Apesar da urgência, o embaixador dos EUA garante que "não há motivo para pânico". "Mas, para quem deseja sair, é importante fazer planos para partir mais cedo em vez de mais tarde", aconselha.
Na manhã desta sexta-feira, o maior porta-aviões do mundo, o USS Gerald R. Ford, chegou à costa de Israel.
Recorde-se que o Irão e os Estados Unidos da América concluíram na quinta-feira, em Genebra, uma ronda de negociações de seis horas sem alcançar um verdadeiro avanço diplomático. Responsáveis iranianos explicaram que os dois países concordaram em retomar as negociações na próxima semana.
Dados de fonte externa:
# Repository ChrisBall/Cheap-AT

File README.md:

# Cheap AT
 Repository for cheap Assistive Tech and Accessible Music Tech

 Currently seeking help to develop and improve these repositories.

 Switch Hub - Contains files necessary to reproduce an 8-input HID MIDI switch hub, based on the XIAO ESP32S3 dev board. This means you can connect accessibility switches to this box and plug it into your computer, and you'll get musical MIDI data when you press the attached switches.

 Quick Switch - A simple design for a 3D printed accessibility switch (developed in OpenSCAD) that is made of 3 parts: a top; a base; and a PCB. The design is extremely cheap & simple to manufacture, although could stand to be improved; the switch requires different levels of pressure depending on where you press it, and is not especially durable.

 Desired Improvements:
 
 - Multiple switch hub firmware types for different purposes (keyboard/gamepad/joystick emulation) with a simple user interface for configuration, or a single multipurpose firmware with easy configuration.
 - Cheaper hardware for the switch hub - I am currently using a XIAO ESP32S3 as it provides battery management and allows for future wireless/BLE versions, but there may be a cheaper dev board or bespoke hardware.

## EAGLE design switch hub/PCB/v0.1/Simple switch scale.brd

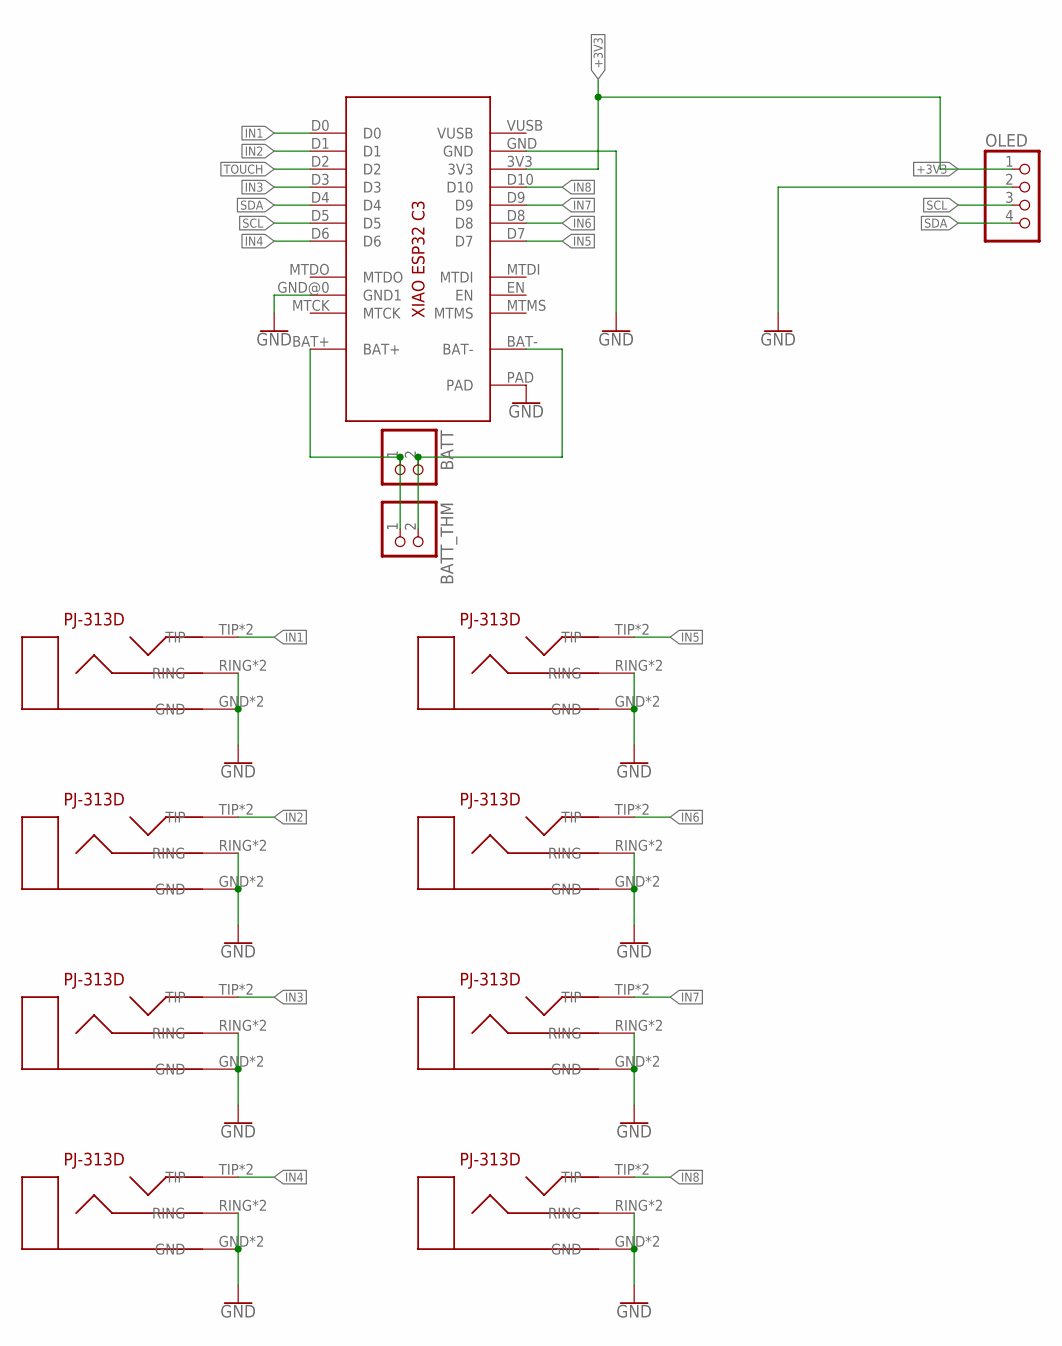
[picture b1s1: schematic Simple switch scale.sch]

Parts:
BATT: JST_2PIN-SMT-RA; JST-PH-2-SMT-RA
BATT_THM: JST_2PIN-THM-RA; JST-PH-2-THM-RA
IN1, IN2, IN3, IN4, IN5, IN6, IN7, IN8: 3.5MM_JACK; PJ-313D-SMT
OLED: HEADER-1X4; 1X04_OVAL
U$1: XIAO_ESP32C3_SMD

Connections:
+3V3: OLED.1, U$1.3V3
GND: IN1.GND, IN1.GND0 (GND), IN1.RING, IN1.RING0 (RING), IN2.GND, IN2.GND0 (GND), IN2.RING, IN2.RING0 (RING), IN3.GND, IN3.GND0 (GND), IN3.RING, IN3.RING0 (RING), IN4.GND, IN4.GND0 (GND), IN4.RING, IN4.RING0 (RING), IN5.GND, IN5.GND0 (GND), IN5.RING, IN5.RING0 (RING), IN6.GND, IN6.GND0 (GND), IN6.RING, IN6.RING0 (RING), IN7.GND, IN7.GND0 (GND), IN7.RING, IN7.RING0 (RING), IN8.GND, IN8.GND0 (GND), IN8.RING, IN8.RING0 (RING), OLED.2, U$1.GND, U$1.GND@0 (GND1), U$1.PAD
IN1: IN1.TIP, IN1.TIP0 (TIP), U$1.D0
IN2: IN2.TIP, IN2.TIP0 (TIP), U$1.D1
IN3: IN3.TIP, IN3.TIP0 (TIP), U$1.D3
IN4: IN4.TIP, IN4.TIP0 (TIP), U$1.D6
IN5: IN5.TIP, IN5.TIP0 (TIP), U$1.D7
IN6: IN6.TIP, IN6.TIP0 (TIP), U$1.D8
IN7: IN7.TIP, IN7.TIP0 (TIP), U$1.D9
IN8: IN8.TIP, IN8.TIP0 (TIP), U$1.D10
unnamed: BATT.1 (2), BATT_THM.1 (2), U$1.BAT+
unnamed: BATT.2 (1), BATT_THM.2 (1), U$1.BAT-
SCL: OLED.3, U$1.D5
SDA: OLED.4, U$1.D4
TOUCH: U$1.D2

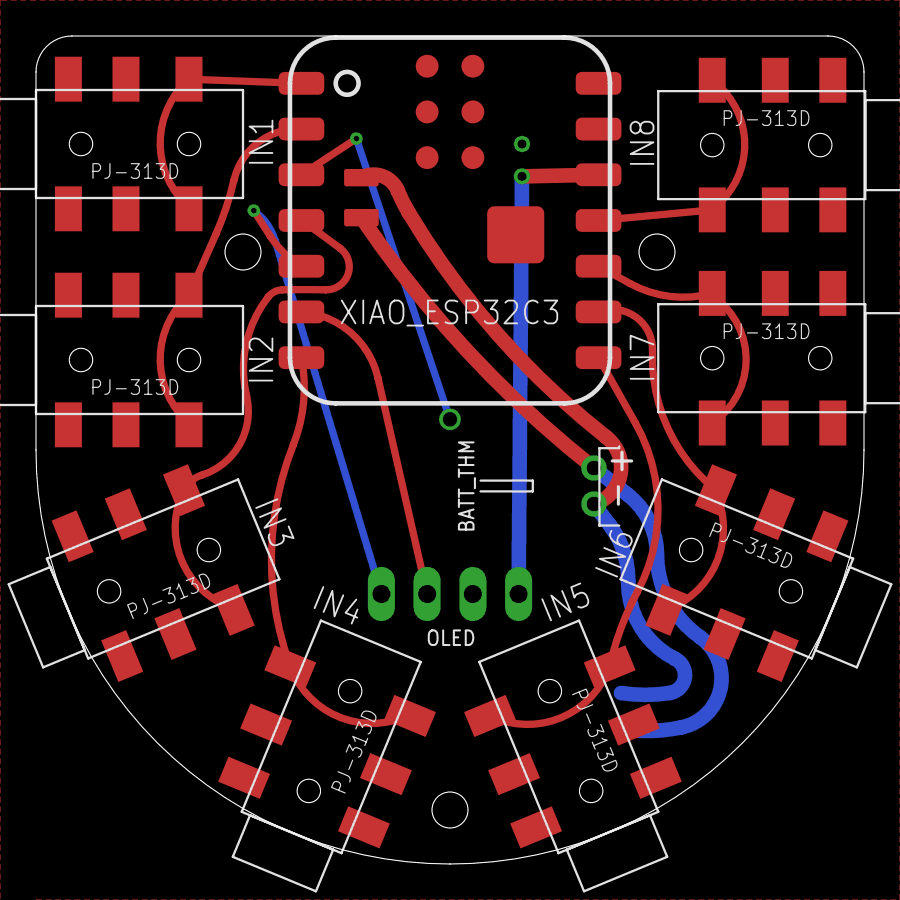
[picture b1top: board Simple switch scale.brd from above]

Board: 2 copper layers, 46.0 x 46.0 mm, 12 parts (1 on the bottom side), 14 nets.

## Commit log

2024-12-04 Added initial files
2026-02-21 Updated all files for mk3 switch
2026-02-21 spelling
2026-03-11 updated with old/new versions

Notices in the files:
parts and their libraries:
microbuilder: This work is placed in the public domain, and may be freely used for commercial and non-commercial work with the following conditions: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
SparkFun-PowerSymbols: Licensing: Creative Commons ShareAlike 4.0 International - https://creativecommons.org/licenses/by-sa/4.0

No entanto, os dois negociadores norte-americanos, Steve Witkoff e Jared Kushner não comentaram, tendo a Casa Branca recusado pronunciar-se.
O Departamento de Estado emitiu um aviso de viagem onde aconselha cidadãos norte-americanos a "reconsiderarem deslocações" a Israel e Cisjordânica, alegando "terrorismo e agitação civil".
Já o Canadá aconselhou esta sexta-feira a que todos os canadianos no Irão abandonem o país. "Canadianos no Irão: Devido às tensões atuais, hostilidades na região podem retomar com pouco ou sem qualquer aviso. Abandonem o Irão se conseguirem fazê-lo em segurança”, escreveu o Governo, citado pelo The Times of Israel.
Também a Austrália anunciou na quarta-feira que os familiares dos seus diplomatas em Israel e no Líbano deveriam abandonar os países e ofereceu viagens aos familiares dos funcionários nos Emirados Árabes Unidos, no Qatar e na Jordânia.
A Índia, Polónia e Suécia pedem também à sua população que abandone o país o mais rápido possível.